- The task
Below are records to retype exactly, except for the pictures.

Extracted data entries

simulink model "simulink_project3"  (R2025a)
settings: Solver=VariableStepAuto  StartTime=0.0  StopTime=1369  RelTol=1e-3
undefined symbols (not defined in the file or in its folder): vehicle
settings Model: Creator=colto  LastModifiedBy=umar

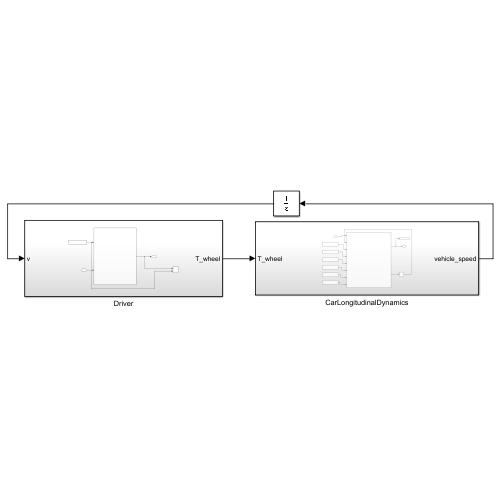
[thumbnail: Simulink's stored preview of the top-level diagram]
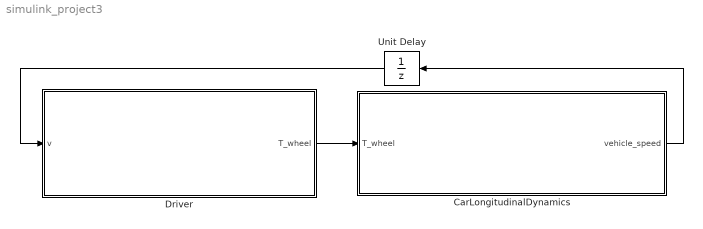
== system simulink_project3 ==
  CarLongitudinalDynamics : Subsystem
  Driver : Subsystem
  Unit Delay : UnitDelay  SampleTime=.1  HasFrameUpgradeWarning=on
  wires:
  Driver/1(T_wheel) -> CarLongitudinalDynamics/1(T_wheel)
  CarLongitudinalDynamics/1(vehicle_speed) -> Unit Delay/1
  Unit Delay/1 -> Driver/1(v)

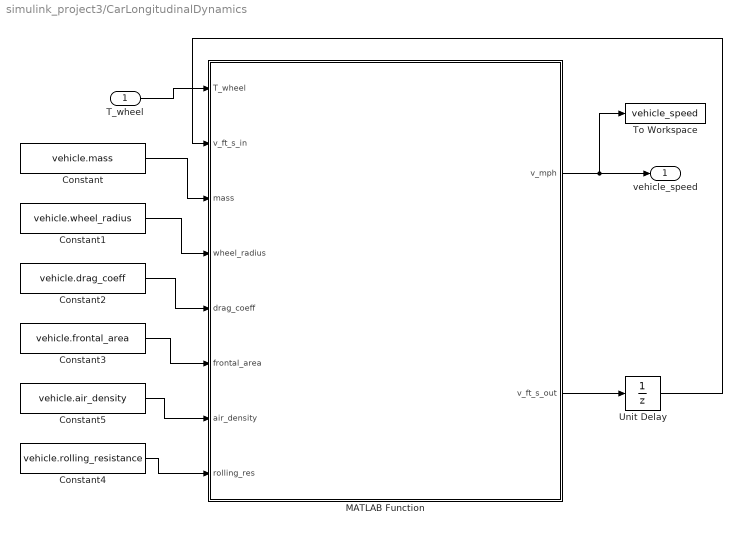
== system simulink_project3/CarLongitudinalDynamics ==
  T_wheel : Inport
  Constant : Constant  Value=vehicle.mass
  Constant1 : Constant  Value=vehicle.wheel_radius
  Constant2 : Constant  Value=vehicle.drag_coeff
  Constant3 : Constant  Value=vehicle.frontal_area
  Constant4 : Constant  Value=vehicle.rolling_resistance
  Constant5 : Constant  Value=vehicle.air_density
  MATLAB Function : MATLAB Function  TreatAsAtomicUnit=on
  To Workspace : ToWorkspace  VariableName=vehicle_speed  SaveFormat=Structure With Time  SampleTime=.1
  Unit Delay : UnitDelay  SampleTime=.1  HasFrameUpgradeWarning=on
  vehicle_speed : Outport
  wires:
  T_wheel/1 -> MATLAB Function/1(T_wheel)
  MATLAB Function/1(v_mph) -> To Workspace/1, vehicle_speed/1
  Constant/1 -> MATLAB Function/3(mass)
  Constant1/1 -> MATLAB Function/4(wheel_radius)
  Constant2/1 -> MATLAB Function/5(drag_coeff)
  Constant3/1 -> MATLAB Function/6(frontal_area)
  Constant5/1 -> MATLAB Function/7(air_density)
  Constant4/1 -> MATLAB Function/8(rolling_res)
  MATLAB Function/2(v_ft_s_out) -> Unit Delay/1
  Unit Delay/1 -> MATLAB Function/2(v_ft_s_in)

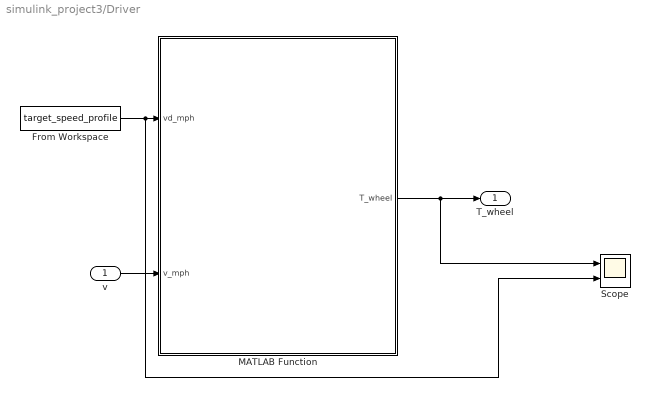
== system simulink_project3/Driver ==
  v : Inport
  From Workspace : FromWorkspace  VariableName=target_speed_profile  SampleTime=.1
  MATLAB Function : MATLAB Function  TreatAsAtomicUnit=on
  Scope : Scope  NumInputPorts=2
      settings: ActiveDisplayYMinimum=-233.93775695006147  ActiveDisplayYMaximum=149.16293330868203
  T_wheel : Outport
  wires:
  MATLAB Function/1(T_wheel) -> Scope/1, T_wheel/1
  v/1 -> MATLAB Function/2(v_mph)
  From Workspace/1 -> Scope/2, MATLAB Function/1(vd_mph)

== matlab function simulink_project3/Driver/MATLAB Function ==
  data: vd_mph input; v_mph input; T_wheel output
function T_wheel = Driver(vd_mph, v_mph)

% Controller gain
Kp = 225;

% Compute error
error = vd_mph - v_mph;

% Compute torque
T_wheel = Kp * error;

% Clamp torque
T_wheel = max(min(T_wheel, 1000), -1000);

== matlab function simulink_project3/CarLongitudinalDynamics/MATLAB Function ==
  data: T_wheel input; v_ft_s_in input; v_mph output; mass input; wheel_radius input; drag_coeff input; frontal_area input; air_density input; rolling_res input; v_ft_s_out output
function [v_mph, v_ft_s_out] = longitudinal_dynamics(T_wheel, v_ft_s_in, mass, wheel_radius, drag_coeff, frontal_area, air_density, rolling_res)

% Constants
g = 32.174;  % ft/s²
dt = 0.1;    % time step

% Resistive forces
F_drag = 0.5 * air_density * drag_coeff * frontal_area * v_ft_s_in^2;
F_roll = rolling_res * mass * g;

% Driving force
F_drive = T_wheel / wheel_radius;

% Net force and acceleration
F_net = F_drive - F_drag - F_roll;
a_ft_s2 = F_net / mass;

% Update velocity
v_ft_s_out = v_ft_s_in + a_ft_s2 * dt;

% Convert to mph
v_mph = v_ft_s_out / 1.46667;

- Response to the exercise
simulink model "simulink_project3"  (R2025a)
settings: Solver=VariableStepAuto  StartTime=0.0  StopTime=1369  RelTol=1e-3
undefined symbols (not defined in the file or in its folder): vehicle
settings Model: Creator=colto  LastModifiedBy=umar

[thumbnail: Simulink's stored preview of the top-level diagram]
== system simulink_project3 ==
  CarLongitudinalDynamics : Subsystem
  Driver : Subsystem
  Unit Delay : UnitDelay  SampleTime=.1  HasFrameUpgradeWarning=on
  wires:
  Driver/1(T_wheel) -> CarLongitudinalDynamics/1(T_wheel)
  CarLongitudinalDynamics/1(vehicle_speed) -> Unit Delay/1
  Unit Delay/1 -> Driver/1(v)

== system simulink_project3/CarLongitudinalDynamics ==
  T_wheel : Inport
  Constant : Constant  Value=vehicle.mass
  Constant1 : Constant  Value=vehicle.wheel_radius
  Constant2 : Constant  Value=vehicle.drag_coeff
  Constant3 : Constant  Value=vehicle.frontal_area
  Constant4 : Constant  Value=vehicle.rolling_resistance
  Constant5 : Constant  Value=vehicle.air_density
  MATLAB Function : MATLAB Function  TreatAsAtomicUnit=on
  To Workspace : ToWorkspace  VariableName=vehicle_speed  SaveFormat=Structure With Time  SampleTime=.1
  Unit Delay : UnitDelay  SampleTime=.1  HasFrameUpgradeWarning=on
  vehicle_speed : Outport
  wires:
  T_wheel/1 -> MATLAB Function/1(T_wheel)
  MATLAB Function/1(v_mph) -> To Workspace/1, vehicle_speed/1
  Constant/1 -> MATLAB Function/3(mass)
  Constant1/1 -> MATLAB Function/4(wheel_radius)
  Constant2/1 -> MATLAB Function/5(drag_coeff)
  Constant3/1 -> MATLAB Function/6(frontal_area)
  Constant5/1 -> MATLAB Function/7(air_density)
  Constant4/1 -> MATLAB Function/8(rolling_res)
  MATLAB Function/2(v_ft_s_out) -> Unit Delay/1
  Unit Delay/1 -> MATLAB Function/2(v_ft_s_in)

== system simulink_project3/Driver ==
  v : Inport
  From Workspace : FromWorkspace  VariableName=target_speed_profile  SampleTime=.1
  MATLAB Function : MATLAB Function  TreatAsAtomicUnit=on
  Scope : Scope  NumInputPorts=2
      settings: ActiveDisplayYMinimum=-233.93775695006147  ActiveDisplayYMaximum=149.16293330868203
  T_wheel : Outport
  wires:
  MATLAB Function/1(T_wheel) -> Scope/1, T_wheel/1
  v/1 -> MATLAB Function/2(v_mph)
  From Workspace/1 -> Scope/2, MATLAB Function/1(vd_mph)

== matlab function simulink_project3/Driver/MATLAB Function ==
  data: vd_mph input; v_mph input; T_wheel output
function T_wheel = Driver(vd_mph, v_mph)

% Controller gain
Kp = 225;

% Compute error
error = vd_mph - v_mph;

% Compute torque
T_wheel = Kp * error;

% Clamp torque
T_wheel = max(min(T_wheel, 1000), -1000);

== matlab function simulink_project3/CarLongitudinalDynamics/MATLAB Function ==
  data: T_wheel input; v_ft_s_in input; v_mph output; mass input; wheel_radius input; drag_coeff input; frontal_area input; air_density input; rolling_res input; v_ft_s_out output
function [v_mph, v_ft_s_out] = longitudinal_dynamics(T_wheel, v_ft_s_in, mass, wheel_radius, drag_coeff, frontal_area, air_density, rolling_res)

% Constants
g = 32.174;  % ft/s²
dt = 0.1;    % time step

% Resistive forces
F_drag = 0.5 * air_density * drag_coeff * frontal_area * v_ft_s_in^2;
F_roll = rolling_res * mass * g;

% Driving force
F_drive = T_wheel / wheel_radius;

% Net force and acceleration
F_net = F_drive - F_drag - F_roll;
a_ft_s2 = F_net / mass;

% Update velocity
v_ft_s_out = v_ft_s_in + a_ft_s2 * dt;

% Convert to mph
v_mph = v_ft_s_out / 1.46667;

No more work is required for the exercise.